== Dataset extract ==

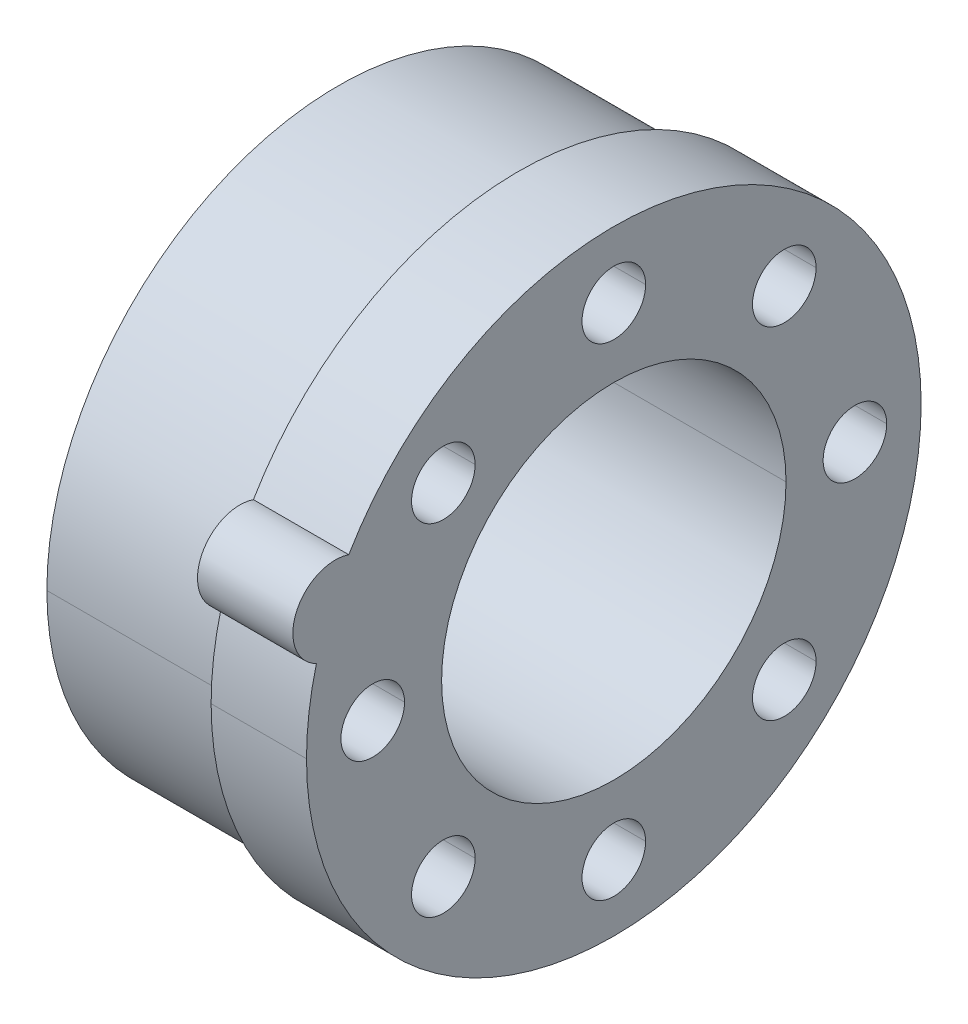
ISO-10303-21;
HEADER;
FILE_DESCRIPTION(('STEP AP214'),'2;1');
FILE_NAME('part.step','',(''),(''),'','','');
FILE_SCHEMA(('AUTOMOTIVE_DESIGN { 1 0 10303 214 1 1 1 1 }'));
ENDSEC;
DATA;
#1=APPLICATION_CONTEXT('core data for automotive mechanical design processes');
#2=APPLICATION_PROTOCOL_DEFINITION('international standard','automotive_design',2000,#1);
#3=PRODUCT_CONTEXT('',#1,'mechanical');
#4=PRODUCT('Part','Part','',(#3));
#5=PRODUCT_RELATED_PRODUCT_CATEGORY('part','',(#4));
#6=PRODUCT_DEFINITION_FORMATION('','',#4);
#7=PRODUCT_DEFINITION_CONTEXT('part definition',#1,'design');
#8=PRODUCT_DEFINITION('design','',#6,#7);
#9=PRODUCT_DEFINITION_SHAPE('','',#8);
#10=(LENGTH_UNIT() NAMED_UNIT(*) SI_UNIT(.MILLI.,.METRE.));
#11=(NAMED_UNIT(*) PLANE_ANGLE_UNIT() SI_UNIT($,.RADIAN.));
#12=(NAMED_UNIT(*) SI_UNIT($,.STERADIAN.) SOLID_ANGLE_UNIT());
#13=UNCERTAINTY_MEASURE_WITH_UNIT(LENGTH_MEASURE(1.E-05),#10,'distance_accuracy_value','');
#14=(GEOMETRIC_REPRESENTATION_CONTEXT(3) GLOBAL_UNCERTAINTY_ASSIGNED_CONTEXT((#13)) GLOBAL_UNIT_ASSIGNED_CONTEXT((#10,
#11,#12)) REPRESENTATION_CONTEXT('',''));
#15=CARTESIAN_POINT('',(0.,0.,0.));
#16=DIRECTION('',(0.,0.,1.));
#17=DIRECTION('',(1.,0.,0.));
#18=AXIS2_PLACEMENT_3D('',#15,#16,#17);
#19=CARTESIAN_POINT('',(-2.14839578115564,10.8873436507863,26.2843726999463));
#20=DIRECTION('',(1.,0.,0.));
#21=DIRECTION('',(0.,0.,-1.));
#22=AXIS2_PLACEMENT_3D('',#19,#20,#21);
#23=CYLINDRICAL_SURFACE('',#22,4.);
#24=DIRECTION('',(1.,0.,0.));
#25=VECTOR('',#24,1.);
#26=CARTESIAN_POINT('',(21.5,14.679075411372,25.0104926994102));
#27=LINE('',#26,#25);
#28=CARTESIAN_POINT('',(17.,14.679075411372,25.0104926994102));
#29=VERTEX_POINT('',#28);
#30=CARTESIAN_POINT('',(26.,14.679075411372,25.0104926994102));
#31=VERTEX_POINT('',#30);
#32=EDGE_CURVE('E242',#29,#31,#27,.T.);
#33=ORIENTED_EDGE('',*,*,#32,.F.);
#34=CARTESIAN_POINT('',(17.,10.8873436507863,26.2843726999463));
#35=DIRECTION('',(1.,0.,0.));
#36=DIRECTION('',(0.,0.,1.));
#37=AXIS2_PLACEMENT_3D('',#34,#35,#36);
#38=CIRCLE('',#37,4.);
#39=CARTESIAN_POINT('',(17.,7.30541522363872,28.0647627534997));
#40=VERTEX_POINT('',#39);
#41=EDGE_CURVE('E27',#29,#40,#38,.T.);
#42=ORIENTED_EDGE('',*,*,#41,.T.);
#43=DIRECTION('',(-1.,0.,0.));
#44=VECTOR('',#43,1.);
#45=CARTESIAN_POINT('',(21.5,7.30541522363872,28.0647627534997));
#46=LINE('',#45,#44);
#47=CARTESIAN_POINT('',(26.,7.30541522363872,28.0647627534997));
#48=VERTEX_POINT('',#47);
#49=EDGE_CURVE('E245',#48,#40,#46,.T.);
#50=ORIENTED_EDGE('',*,*,#49,.F.);
#51=CARTESIAN_POINT('',(26.,10.8873436507863,26.2843726999463));
#52=DIRECTION('',(1.,0.,0.));
#53=DIRECTION('',(0.,0.,-1.));
#54=AXIS2_PLACEMENT_3D('',#51,#52,#53);
#55=CIRCLE('',#54,4.);
#56=EDGE_CURVE('E240',#31,#48,#55,.T.);
#57=ORIENTED_EDGE('',*,*,#56,.F.);
#58=EDGE_LOOP('',(#33,#42,#50,#57));
#59=FACE_BOUND('',#58,.T.);
#60=ADVANCED_FACE('F16',(#59),#23,.T.);
#61=CARTESIAN_POINT('',(0.,22.75,0.));
#62=DIRECTION('',(1.,0.,0.));
#63=DIRECTION('',(0.,0.,-1.));
#64=AXIS2_PLACEMENT_3D('',#61,#62,#63);
#65=CYLINDRICAL_SURFACE('',#64,3.);
#66=DIRECTION('',(1.,0.,0.));
#67=VECTOR('',#66,1.);
#68=CARTESIAN_POINT('',(0.,22.75,3.));
#69=LINE('',#68,#67);
#70=CARTESIAN_POINT('',(0.,22.75,3.));
#71=VERTEX_POINT('',#70);
#72=CARTESIAN_POINT('',(26.,22.75,3.));
#73=VERTEX_POINT('',#72);
#74=EDGE_CURVE('E415',#71,#73,#69,.T.);
#75=ORIENTED_EDGE('',*,*,#74,.F.);
#76=CARTESIAN_POINT('',(0.,22.75,0.));
#77=DIRECTION('',(1.,0.,0.));
#78=DIRECTION('',(0.,0.,-1.));
#79=AXIS2_PLACEMENT_3D('',#76,#77,#78);
#80=CIRCLE('',#79,3.);
#81=CARTESIAN_POINT('',(0.,22.75,-3.));
#82=VERTEX_POINT('',#81);
#83=EDGE_CURVE('E317',#82,#71,#80,.T.);
#84=ORIENTED_EDGE('',*,*,#83,.F.);
#85=DIRECTION('',(1.,0.,0.));
#86=VECTOR('',#85,1.);
#87=CARTESIAN_POINT('',(0.,22.75,-3.));
#88=LINE('',#87,#86);
#89=CARTESIAN_POINT('',(26.,22.75,-3.));
#90=VERTEX_POINT('',#89);
#91=EDGE_CURVE('E414',#82,#90,#88,.T.);
#92=ORIENTED_EDGE('',*,*,#91,.T.);
#93=CARTESIAN_POINT('',(26.,22.75,0.));
#94=DIRECTION('',(1.,0.,0.));
#95=DIRECTION('',(0.,0.,-1.));
#96=AXIS2_PLACEMENT_3D('',#93,#94,#95);
#97=CIRCLE('',#96,3.);
#98=EDGE_CURVE('E197',#90,#73,#97,.T.);
#99=ORIENTED_EDGE('',*,*,#98,.T.);
#100=EDGE_LOOP('',(#75,#84,#92,#99));
#101=FACE_BOUND('',#100,.T.);
#102=ADVANCED_FACE('F967',(#101),#65,.F.);
#103=CARTESIAN_POINT('',(0.,16.0866792719953,-16.0866792719945));
#104=DIRECTION('',(1.,0.,0.));
#105=DIRECTION('',(0.,0.,-1.));
#106=AXIS2_PLACEMENT_3D('',#103,#104,#105);
#107=CYLINDRICAL_SURFACE('',#106,3.00000000000019);
#108=DIRECTION('',(1.,0.,0.));
#109=VECTOR('',#108,1.);
#110=CARTESIAN_POINT('',(0.,16.0866792719953,-13.0866792719943));
#111=LINE('',#110,#109);
#112=CARTESIAN_POINT('',(0.,16.0866792719953,-13.0866792719943));
#113=VERTEX_POINT('',#112);
#114=CARTESIAN_POINT('',(26.,16.0866792719953,-13.0866792719943));
#115=VERTEX_POINT('',#114);
#116=EDGE_CURVE('E309',#113,#115,#111,.T.);
#117=ORIENTED_EDGE('',*,*,#116,.F.);
#118=CARTESIAN_POINT('',(0.,16.0866792719953,-16.0866792719945));
#119=DIRECTION('',(1.,0.,0.));
#120=DIRECTION('',(0.,0.,-1.));
#121=AXIS2_PLACEMENT_3D('',#118,#119,#120);
#122=CIRCLE('',#121,3.00000000000019);
#123=CARTESIAN_POINT('',(0.,16.0866792719953,-19.0866792719947));
#124=VERTEX_POINT('',#123);
#125=EDGE_CURVE('E184',#124,#113,#122,.T.);
#126=ORIENTED_EDGE('',*,*,#125,.F.);
#127=DIRECTION('',(1.,0.,0.));
#128=VECTOR('',#127,1.);
#129=CARTESIAN_POINT('',(0.,16.0866792719953,-19.0866792719947));
#130=LINE('',#129,#128);
#131=CARTESIAN_POINT('',(26.,16.0866792719953,-19.0866792719947));
#132=VERTEX_POINT('',#131);
#133=EDGE_CURVE('E324',#124,#132,#130,.T.);
#134=ORIENTED_EDGE('',*,*,#133,.T.);
#135=CARTESIAN_POINT('',(26.,16.0866792719953,-16.0866792719945));
#136=DIRECTION('',(1.,0.,0.));
#137=DIRECTION('',(0.,0.,-1.));
#138=AXIS2_PLACEMENT_3D('',#135,#136,#137);
#139=CIRCLE('',#138,3.00000000000019);
#140=EDGE_CURVE('E280',#132,#115,#139,.T.);
#141=ORIENTED_EDGE('',*,*,#140,.T.);
#142=EDGE_LOOP('',(#117,#126,#134,#141));
#143=FACE_BOUND('',#142,.T.);
#144=ADVANCED_FACE('F949',(#143),#107,.F.);
#145=CARTESIAN_POINT('',(0.,1.93560256142298E-12,-22.750000000002));
#146=DIRECTION('',(1.,0.,0.));
#147=DIRECTION('',(0.,0.,-1.));
#148=AXIS2_PLACEMENT_3D('',#145,#146,#147);
#149=CYLINDRICAL_SURFACE('',#148,3.00000000000136);
#150=DIRECTION('',(1.,0.,0.));
#151=VECTOR('',#150,1.);
#152=CARTESIAN_POINT('',(0.,1.93596995546273E-12,-19.7500000000006));
#153=LINE('',#152,#151);
#154=CARTESIAN_POINT('',(0.,1.93596995546273E-12,-19.7500000000006));
#155=VERTEX_POINT('',#154);
#156=CARTESIAN_POINT('',(26.,1.93596995546273E-12,-19.7500000000006));
#157=VERTEX_POINT('',#156);
#158=EDGE_CURVE('E323',#155,#157,#153,.T.);
#159=ORIENTED_EDGE('',*,*,#158,.F.);
#160=CARTESIAN_POINT('',(0.,1.93560256142298E-12,-22.750000000002));
#161=DIRECTION('',(1.,0.,0.));
#162=DIRECTION('',(0.,0.,-1.));
#163=AXIS2_PLACEMENT_3D('',#160,#161,#162);
#164=CIRCLE('',#163,3.00000000000136);
#165=CARTESIAN_POINT('',(0.,1.93560256142298E-12,-25.7500000000033));
#166=VERTEX_POINT('',#165);
#167=EDGE_CURVE('E316',#166,#155,#164,.T.);
#168=ORIENTED_EDGE('',*,*,#167,.F.);
#169=DIRECTION('',(1.,0.,0.));
#170=VECTOR('',#169,1.);
#171=CARTESIAN_POINT('',(0.,1.93560256142298E-12,-25.7500000000033));
#172=LINE('',#171,#170);
#173=CARTESIAN_POINT('',(26.,1.93560256142298E-12,-25.7500000000033));
#174=VERTEX_POINT('',#173);
#175=EDGE_CURVE('E353',#166,#174,#172,.T.);
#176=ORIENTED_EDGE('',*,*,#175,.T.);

===

Begin with the line that has "#1=APPLICATION_CONTEXT('core data for" in the listing above and end after the line that has "#18=AXIS2_PLACEMENT_3D('',#15,#16,#17);"; output those lines exactly.

#1=APPLICATION_CONTEXT('core data for automotive mechanical design processes');
#2=APPLICATION_PROTOCOL_DEFINITION('international standard','automotive_design',2000,#1);
#3=PRODUCT_CONTEXT('',#1,'mechanical');
#4=PRODUCT('Part','Part','',(#3));
#5=PRODUCT_RELATED_PRODUCT_CATEGORY('part','',(#4));
#6=PRODUCT_DEFINITION_FORMATION('','',#4);
#7=PRODUCT_DEFINITION_CONTEXT('part definition',#1,'design');
#8=PRODUCT_DEFINITION('design','',#6,#7);
#9=PRODUCT_DEFINITION_SHAPE('','',#8);
#10=(LENGTH_UNIT() NAMED_UNIT(*) SI_UNIT(.MILLI.,.METRE.));
#11=(NAMED_UNIT(*) PLANE_ANGLE_UNIT() SI_UNIT($,.RADIAN.));
#12=(NAMED_UNIT(*) SI_UNIT($,.STERADIAN.) SOLID_ANGLE_UNIT());
#13=UNCERTAINTY_MEASURE_WITH_UNIT(LENGTH_MEASURE(1.E-05),#10,'distance_accuracy_value','');
#14=(GEOMETRIC_REPRESENTATION_CONTEXT(3) GLOBAL_UNCERTAINTY_ASSIGNED_CONTEXT((#13)) GLOBAL_UNIT_ASSIGNED_CONTEXT((#10,
#11,#12)) REPRESENTATION_CONTEXT('',''));
#15=CARTESIAN_POINT('',(0.,0.,0.));
#16=DIRECTION('',(0.,0.,1.));
#17=DIRECTION('',(1.,0.,0.));
#18=AXIS2_PLACEMENT_3D('',#15,#16,#17);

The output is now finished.